I think it's misleading because nowhere on that upgrade page (when I go into my account) does it say I had to buy it directly from them. I mean, what's the difference? It's $299 either way for the Premiere box?

And yes, I also have two older S2 boxes that each have lifetime on them that I was planning to use for the upgrade offer.

Pissed!


----------



## comma splice (Feb 4, 2010)

dmk1974 said:


> FYI...maybe it wasn't clear to just me or something, but when I called TiVo to add the $200 PLS service to my two Premiere boxes that I bought from Best Buy this morning, they said that I cannot get the $200 lifetime. They said that I can pay $300 per box for lifetime, but to get the $200 lifetime offer the box must also be ordered through TiVo.com. Amazon, Best Buy or elsewhere box purchases do not qualify for that promo.
> 
> I think it's misleading because nowhere on that upgrade page (when I go into my account) does it say I had to buy it directly from them. I mean, what's the difference? It's $299 either way for the Premiere box?
> 
> ...


I guess "the difference" would be that they get all of the profits on a sale through TiVo.com and significantly less when they sell the box through a reseller.


----------



## innocentfreak (Aug 25, 2001)

dmk1974 said:


> FYI...maybe it wasn't clear to just me or something, but when I called TiVo to add the $200 PLS service to my two Premiere boxes that I bought from Best Buy this morning, they said that I cannot get the $200 lifetime. They said that I can pay $300 per box for lifetime, but to get the $200 lifetime offer the box must also be ordered through TiVo.com. Amazon, Best Buy or elsewhere box purchases do not qualify for that promo.
> 
> I think it's misleading because nowhere on that upgrade page (when I go into my account) does it say I had to buy it directly from them. I mean, what's the difference? It's $299 either way for the Premiere box?
> 
> ...


The reason probably is the fact they aren't selling to you at the price they sell to Best Buy which is at a loss on the hardware. If the stores bought the units at 299 and sold them for 299, we would probably be able to get the upgrade offer from any store when we went to activate the TiVo but of course no store would sell them at that price.
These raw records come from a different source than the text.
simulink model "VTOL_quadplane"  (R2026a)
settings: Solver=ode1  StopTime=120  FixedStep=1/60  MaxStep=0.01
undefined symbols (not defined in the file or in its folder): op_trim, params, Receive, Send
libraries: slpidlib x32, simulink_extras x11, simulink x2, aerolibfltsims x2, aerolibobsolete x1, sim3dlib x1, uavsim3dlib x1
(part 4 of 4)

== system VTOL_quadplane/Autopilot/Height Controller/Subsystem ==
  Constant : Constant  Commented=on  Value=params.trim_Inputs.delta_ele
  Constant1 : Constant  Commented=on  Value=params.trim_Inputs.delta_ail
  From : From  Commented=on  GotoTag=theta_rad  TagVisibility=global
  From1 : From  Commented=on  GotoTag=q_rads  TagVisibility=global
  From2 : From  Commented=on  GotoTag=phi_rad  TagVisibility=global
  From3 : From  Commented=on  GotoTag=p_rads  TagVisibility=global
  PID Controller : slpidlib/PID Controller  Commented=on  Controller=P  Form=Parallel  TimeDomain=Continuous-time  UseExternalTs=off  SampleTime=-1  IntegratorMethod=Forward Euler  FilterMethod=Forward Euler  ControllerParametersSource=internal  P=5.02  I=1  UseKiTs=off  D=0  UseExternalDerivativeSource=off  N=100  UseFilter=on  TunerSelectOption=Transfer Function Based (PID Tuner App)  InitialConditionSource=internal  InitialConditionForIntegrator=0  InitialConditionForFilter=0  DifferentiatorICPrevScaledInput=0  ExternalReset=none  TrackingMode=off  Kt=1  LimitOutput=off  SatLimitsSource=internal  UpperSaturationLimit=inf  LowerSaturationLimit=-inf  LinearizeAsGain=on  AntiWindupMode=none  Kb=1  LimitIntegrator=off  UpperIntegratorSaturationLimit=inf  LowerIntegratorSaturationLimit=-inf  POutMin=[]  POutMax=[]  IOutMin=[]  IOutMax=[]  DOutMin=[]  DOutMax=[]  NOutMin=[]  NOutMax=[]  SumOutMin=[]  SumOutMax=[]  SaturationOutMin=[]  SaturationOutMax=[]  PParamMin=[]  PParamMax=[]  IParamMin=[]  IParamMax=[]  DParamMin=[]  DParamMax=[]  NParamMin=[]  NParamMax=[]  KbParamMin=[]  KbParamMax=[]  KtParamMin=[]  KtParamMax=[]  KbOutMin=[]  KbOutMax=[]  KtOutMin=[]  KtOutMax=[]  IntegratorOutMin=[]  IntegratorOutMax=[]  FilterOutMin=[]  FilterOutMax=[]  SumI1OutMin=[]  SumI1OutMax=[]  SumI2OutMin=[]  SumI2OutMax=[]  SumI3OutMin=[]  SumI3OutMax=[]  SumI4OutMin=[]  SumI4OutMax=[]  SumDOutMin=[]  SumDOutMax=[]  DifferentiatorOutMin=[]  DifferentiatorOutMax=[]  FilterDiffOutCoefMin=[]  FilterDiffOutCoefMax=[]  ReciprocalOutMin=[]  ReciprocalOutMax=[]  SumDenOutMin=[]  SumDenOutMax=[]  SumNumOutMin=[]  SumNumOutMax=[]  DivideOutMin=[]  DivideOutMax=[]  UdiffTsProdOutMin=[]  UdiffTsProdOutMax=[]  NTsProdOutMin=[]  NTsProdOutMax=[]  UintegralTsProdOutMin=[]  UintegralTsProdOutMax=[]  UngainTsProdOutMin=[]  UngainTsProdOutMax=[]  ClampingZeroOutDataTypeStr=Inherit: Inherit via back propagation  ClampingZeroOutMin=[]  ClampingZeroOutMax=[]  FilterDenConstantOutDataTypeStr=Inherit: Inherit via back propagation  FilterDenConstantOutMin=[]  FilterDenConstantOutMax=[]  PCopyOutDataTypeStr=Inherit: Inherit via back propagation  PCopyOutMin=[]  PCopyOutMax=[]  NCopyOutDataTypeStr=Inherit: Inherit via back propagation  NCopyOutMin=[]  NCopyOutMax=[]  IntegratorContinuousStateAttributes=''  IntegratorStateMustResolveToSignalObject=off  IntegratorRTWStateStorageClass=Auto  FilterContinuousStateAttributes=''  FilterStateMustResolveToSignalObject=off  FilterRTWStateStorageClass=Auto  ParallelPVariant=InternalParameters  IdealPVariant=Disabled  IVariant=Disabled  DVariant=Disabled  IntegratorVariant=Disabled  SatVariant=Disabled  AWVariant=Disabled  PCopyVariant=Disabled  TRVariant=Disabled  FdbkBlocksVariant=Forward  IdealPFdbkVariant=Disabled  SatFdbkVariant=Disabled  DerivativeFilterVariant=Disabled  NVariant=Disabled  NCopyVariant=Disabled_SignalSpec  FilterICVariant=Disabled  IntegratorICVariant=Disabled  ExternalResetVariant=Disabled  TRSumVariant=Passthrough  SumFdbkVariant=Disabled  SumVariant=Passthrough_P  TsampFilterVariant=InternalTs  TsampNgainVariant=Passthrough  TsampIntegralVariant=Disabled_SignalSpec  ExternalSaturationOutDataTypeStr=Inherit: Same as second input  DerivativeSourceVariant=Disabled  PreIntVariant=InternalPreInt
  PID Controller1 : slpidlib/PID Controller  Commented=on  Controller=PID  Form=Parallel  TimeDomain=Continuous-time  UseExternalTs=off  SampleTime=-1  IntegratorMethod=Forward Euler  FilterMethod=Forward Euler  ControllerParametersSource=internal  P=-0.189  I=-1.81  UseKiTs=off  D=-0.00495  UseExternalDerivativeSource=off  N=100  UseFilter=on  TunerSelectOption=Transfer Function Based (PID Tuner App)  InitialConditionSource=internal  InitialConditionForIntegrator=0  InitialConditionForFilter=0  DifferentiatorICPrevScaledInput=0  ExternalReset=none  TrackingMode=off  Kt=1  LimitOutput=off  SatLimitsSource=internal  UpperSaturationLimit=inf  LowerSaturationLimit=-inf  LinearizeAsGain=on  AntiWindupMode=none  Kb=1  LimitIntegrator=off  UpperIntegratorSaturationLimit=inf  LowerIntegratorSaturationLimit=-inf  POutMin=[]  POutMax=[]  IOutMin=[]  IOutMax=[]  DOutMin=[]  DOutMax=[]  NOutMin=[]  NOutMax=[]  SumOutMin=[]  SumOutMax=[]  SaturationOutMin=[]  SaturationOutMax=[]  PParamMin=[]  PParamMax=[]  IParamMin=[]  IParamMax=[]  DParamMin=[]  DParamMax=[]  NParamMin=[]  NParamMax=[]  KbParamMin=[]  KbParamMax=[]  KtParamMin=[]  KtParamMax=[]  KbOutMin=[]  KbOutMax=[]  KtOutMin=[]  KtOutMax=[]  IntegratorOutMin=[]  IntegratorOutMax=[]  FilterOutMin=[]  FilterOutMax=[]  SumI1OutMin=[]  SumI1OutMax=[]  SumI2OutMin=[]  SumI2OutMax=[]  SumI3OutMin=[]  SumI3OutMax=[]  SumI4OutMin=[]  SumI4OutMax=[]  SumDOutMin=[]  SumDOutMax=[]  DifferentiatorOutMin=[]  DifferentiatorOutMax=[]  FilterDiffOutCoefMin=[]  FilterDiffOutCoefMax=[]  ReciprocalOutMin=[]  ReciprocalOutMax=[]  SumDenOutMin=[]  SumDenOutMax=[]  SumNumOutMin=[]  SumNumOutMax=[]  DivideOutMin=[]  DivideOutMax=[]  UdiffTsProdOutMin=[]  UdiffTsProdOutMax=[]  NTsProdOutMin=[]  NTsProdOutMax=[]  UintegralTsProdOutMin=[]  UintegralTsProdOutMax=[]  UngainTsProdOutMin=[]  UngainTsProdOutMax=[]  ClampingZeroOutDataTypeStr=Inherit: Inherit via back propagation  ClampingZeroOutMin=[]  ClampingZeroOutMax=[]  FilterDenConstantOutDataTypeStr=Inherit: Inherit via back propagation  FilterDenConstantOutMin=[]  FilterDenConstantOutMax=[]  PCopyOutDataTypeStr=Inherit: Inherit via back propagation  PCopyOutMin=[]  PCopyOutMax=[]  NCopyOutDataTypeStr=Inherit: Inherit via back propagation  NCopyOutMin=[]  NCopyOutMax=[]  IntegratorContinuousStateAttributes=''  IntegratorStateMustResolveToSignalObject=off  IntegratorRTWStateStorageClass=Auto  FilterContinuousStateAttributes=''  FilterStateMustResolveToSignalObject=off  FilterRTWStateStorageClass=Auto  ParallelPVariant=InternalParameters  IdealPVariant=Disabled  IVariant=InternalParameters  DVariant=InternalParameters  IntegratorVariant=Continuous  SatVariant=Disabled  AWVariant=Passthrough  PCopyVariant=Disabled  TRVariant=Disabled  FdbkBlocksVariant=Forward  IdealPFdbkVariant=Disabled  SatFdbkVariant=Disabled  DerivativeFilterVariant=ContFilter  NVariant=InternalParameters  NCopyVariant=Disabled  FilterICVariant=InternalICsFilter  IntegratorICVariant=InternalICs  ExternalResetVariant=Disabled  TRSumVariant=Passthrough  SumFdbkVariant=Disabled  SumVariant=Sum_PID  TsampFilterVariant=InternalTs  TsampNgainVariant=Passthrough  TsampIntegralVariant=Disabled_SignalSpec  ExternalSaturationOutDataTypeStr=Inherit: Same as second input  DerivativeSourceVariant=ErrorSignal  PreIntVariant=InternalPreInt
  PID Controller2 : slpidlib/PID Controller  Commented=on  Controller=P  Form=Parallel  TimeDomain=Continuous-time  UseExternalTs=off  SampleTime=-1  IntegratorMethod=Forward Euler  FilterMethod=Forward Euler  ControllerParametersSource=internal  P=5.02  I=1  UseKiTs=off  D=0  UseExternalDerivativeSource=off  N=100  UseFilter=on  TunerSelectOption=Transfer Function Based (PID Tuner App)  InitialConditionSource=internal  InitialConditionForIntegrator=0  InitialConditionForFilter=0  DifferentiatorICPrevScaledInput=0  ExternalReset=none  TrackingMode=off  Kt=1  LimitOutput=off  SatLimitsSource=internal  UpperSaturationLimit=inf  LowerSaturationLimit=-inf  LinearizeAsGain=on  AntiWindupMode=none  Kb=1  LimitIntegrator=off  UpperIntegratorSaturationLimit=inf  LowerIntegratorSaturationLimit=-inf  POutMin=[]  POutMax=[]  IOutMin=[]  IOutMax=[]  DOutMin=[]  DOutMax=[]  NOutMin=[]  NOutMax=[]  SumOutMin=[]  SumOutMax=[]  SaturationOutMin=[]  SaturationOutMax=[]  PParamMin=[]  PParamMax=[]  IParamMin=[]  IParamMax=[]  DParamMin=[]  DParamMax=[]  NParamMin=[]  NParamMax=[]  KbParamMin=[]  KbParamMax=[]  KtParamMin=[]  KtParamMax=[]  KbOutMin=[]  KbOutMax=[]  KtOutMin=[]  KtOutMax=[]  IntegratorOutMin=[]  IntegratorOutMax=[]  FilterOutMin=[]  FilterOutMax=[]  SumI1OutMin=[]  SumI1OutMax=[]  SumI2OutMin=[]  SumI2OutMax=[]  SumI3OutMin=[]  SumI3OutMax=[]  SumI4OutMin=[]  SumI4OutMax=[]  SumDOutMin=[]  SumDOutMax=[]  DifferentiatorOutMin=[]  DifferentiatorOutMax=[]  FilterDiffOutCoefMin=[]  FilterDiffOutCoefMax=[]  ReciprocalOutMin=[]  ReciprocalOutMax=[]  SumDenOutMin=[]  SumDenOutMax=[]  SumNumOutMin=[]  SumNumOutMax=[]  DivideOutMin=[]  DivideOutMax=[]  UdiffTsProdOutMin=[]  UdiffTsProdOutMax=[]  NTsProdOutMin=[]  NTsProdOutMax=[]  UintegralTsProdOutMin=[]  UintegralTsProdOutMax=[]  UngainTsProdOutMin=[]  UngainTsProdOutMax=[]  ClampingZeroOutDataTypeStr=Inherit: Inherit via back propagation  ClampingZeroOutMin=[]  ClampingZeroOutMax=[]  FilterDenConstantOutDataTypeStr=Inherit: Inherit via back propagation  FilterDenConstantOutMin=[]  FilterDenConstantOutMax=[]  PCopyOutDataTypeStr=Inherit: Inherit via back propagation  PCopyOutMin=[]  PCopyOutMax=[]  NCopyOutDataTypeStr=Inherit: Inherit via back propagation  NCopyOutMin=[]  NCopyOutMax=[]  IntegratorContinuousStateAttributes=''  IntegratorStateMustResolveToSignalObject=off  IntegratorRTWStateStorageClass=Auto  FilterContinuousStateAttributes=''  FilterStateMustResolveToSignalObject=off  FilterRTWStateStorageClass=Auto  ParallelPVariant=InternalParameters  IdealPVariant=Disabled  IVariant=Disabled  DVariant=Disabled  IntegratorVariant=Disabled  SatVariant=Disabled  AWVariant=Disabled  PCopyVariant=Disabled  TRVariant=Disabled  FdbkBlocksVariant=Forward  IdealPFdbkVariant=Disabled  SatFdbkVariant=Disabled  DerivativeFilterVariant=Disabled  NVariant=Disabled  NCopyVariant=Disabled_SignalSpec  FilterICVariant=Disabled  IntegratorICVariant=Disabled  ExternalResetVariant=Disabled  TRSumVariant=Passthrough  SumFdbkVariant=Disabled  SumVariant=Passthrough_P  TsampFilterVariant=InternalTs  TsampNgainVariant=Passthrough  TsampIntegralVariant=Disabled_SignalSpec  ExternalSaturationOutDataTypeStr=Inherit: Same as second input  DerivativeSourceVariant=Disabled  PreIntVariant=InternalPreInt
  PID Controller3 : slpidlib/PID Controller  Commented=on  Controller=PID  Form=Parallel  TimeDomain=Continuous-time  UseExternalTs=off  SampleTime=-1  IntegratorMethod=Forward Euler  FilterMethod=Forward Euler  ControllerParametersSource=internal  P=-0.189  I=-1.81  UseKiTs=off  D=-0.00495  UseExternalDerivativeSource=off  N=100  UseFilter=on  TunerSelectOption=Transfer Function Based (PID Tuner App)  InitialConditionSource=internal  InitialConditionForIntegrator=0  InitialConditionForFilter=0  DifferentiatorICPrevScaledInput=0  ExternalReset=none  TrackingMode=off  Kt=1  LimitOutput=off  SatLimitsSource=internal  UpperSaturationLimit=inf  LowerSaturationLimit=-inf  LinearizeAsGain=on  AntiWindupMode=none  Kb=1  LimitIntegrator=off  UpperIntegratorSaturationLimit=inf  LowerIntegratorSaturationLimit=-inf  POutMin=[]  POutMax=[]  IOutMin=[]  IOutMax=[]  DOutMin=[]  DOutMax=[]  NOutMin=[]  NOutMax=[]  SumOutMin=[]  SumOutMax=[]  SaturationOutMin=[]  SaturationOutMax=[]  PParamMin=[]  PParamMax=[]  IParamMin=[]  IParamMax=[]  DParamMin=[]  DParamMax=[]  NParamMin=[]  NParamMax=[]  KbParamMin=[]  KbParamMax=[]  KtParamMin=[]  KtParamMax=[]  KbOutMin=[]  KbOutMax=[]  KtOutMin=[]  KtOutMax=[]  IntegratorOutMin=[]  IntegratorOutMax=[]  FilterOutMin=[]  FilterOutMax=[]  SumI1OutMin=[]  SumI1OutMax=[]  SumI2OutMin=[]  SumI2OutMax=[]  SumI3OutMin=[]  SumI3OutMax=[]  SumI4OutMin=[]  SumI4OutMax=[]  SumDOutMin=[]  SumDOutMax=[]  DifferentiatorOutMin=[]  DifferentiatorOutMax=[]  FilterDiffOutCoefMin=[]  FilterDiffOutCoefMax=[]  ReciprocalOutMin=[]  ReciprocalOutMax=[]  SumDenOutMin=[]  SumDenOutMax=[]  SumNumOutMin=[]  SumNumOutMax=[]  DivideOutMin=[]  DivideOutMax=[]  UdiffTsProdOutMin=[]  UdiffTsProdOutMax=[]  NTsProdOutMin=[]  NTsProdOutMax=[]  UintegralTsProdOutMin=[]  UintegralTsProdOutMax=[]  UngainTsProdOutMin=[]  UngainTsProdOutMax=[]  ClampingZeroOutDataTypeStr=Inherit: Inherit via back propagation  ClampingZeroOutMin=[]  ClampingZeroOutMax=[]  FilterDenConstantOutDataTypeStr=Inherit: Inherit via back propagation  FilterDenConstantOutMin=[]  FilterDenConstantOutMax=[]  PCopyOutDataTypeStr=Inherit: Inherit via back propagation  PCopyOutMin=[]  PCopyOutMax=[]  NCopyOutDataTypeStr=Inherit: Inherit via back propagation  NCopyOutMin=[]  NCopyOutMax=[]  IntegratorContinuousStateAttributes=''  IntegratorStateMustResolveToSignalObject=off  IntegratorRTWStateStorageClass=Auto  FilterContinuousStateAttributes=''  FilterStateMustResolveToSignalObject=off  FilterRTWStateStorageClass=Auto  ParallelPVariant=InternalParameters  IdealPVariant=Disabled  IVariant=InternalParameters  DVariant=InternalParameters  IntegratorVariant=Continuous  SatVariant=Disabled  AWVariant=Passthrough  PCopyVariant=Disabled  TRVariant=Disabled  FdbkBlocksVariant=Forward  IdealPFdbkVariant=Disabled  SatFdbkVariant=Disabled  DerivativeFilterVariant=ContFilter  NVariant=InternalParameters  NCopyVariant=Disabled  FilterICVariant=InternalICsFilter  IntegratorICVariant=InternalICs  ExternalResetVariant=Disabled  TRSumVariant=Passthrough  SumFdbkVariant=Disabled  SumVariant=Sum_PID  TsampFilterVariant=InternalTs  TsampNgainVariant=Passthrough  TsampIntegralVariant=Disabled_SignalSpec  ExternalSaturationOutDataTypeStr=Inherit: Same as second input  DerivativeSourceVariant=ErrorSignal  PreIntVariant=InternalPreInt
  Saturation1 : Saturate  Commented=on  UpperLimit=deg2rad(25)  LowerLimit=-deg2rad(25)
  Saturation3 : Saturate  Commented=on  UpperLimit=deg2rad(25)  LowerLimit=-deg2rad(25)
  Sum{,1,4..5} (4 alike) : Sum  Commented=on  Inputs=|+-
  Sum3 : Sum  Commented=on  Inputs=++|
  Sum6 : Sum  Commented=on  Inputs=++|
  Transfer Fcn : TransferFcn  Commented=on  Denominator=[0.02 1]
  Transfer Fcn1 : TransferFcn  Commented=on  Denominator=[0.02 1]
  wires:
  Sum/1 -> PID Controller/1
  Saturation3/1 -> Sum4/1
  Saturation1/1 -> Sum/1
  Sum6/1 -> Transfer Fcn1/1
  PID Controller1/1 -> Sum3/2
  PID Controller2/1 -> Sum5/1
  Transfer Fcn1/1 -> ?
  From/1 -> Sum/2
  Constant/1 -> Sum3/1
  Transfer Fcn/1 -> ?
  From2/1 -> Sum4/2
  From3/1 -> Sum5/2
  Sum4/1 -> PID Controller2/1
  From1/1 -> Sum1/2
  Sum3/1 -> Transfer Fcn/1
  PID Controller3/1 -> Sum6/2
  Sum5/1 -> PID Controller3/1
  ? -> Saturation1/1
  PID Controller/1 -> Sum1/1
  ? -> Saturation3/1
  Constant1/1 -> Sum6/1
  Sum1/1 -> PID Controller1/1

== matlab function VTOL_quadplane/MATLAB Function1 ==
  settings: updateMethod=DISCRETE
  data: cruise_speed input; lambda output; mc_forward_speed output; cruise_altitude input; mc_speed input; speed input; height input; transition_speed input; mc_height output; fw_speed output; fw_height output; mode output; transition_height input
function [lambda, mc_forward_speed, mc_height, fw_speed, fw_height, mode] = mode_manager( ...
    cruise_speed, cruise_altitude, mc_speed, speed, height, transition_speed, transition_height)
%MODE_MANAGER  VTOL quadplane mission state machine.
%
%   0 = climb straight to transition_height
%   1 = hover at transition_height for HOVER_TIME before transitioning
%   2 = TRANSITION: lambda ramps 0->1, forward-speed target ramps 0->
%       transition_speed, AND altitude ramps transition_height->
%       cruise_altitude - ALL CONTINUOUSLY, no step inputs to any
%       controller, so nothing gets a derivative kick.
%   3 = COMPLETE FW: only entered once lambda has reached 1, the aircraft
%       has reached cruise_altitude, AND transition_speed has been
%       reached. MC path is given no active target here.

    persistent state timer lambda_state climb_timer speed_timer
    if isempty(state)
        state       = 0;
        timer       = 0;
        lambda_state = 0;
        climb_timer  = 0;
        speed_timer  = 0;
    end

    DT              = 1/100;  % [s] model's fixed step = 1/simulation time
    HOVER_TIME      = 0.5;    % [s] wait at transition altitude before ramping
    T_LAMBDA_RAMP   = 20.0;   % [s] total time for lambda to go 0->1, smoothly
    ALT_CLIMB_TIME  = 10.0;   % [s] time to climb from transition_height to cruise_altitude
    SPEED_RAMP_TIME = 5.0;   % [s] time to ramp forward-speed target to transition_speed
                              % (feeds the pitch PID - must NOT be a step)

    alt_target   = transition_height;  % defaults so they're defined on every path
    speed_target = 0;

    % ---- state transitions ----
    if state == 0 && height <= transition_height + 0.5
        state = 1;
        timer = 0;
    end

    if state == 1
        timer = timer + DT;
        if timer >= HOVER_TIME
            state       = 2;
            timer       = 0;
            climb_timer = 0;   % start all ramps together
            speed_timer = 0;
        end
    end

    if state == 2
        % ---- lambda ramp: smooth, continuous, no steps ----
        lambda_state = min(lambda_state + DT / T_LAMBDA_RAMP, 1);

As it is now, Best Buy pays around $100 a TiVo from TiVo and then they would also be taking the additional loss on the service which while great for the customer it would be a lose lose for TiVo.


----------



## dswallow (Dec 3, 2000)

I just went through www.tivo.com and closely read everything and I cannot fathom how you could possibly interpret anything presented to indicate you could buy the Premiere anywhere you wanted and get the 50% off lifetime price on the service.


----------



## GBL (Apr 20, 2000)

From TiVo's web site:


> Our customer's feedback has been loud and clear. They want a low priced Product Lifetime service (PLS) on Premiere. We listened. Now existing PLS customers can get an *exclusive* Upgrade Program discount: 50% off a new PLS plan (a savings of $200) when upgrading to Premiere. Enjoy your new box.


What part about "exclusive" did you not understand?


----------



## dmk1974 (Mar 7, 2002)

Well, when I bought my HD box in December from BB, online it would have cost me $400 for the lifetime on it, but when I called they said it was no problem to get the lifetime for $300. 

"Exclusive" does not necessarily mean the offer for the box AND service. It can mean also for just the service piece (though, obviously as I found out, it does not).

If it was the 20% off the hardware, then yes, I totally get that is just for the box and I would not expect them to give some discount because I bought it at BB. But for the service piece, it should have been clearer.


----------



## innocentfreak (Aug 25, 2001)

The $299 is the MSD price which applies no matter where you buy the TiVo. The only time it is $399 is if it is the first and only TiVo on your account.


----------



## mpf541 (Nov 25, 2009)

Not sure about any of these discounts. Seems like if you are on month to month like I am now they won't give me any discounts. makes me consider waiting for the ceton tuner.


----------



## innocentfreak (Aug 25, 2001)

If you have an upgrade offer you can find it here.


----------



## armstrr (Oct 4, 2007)

you can call in too...i weasled a t-shirt and a little plush tivo dude...


----------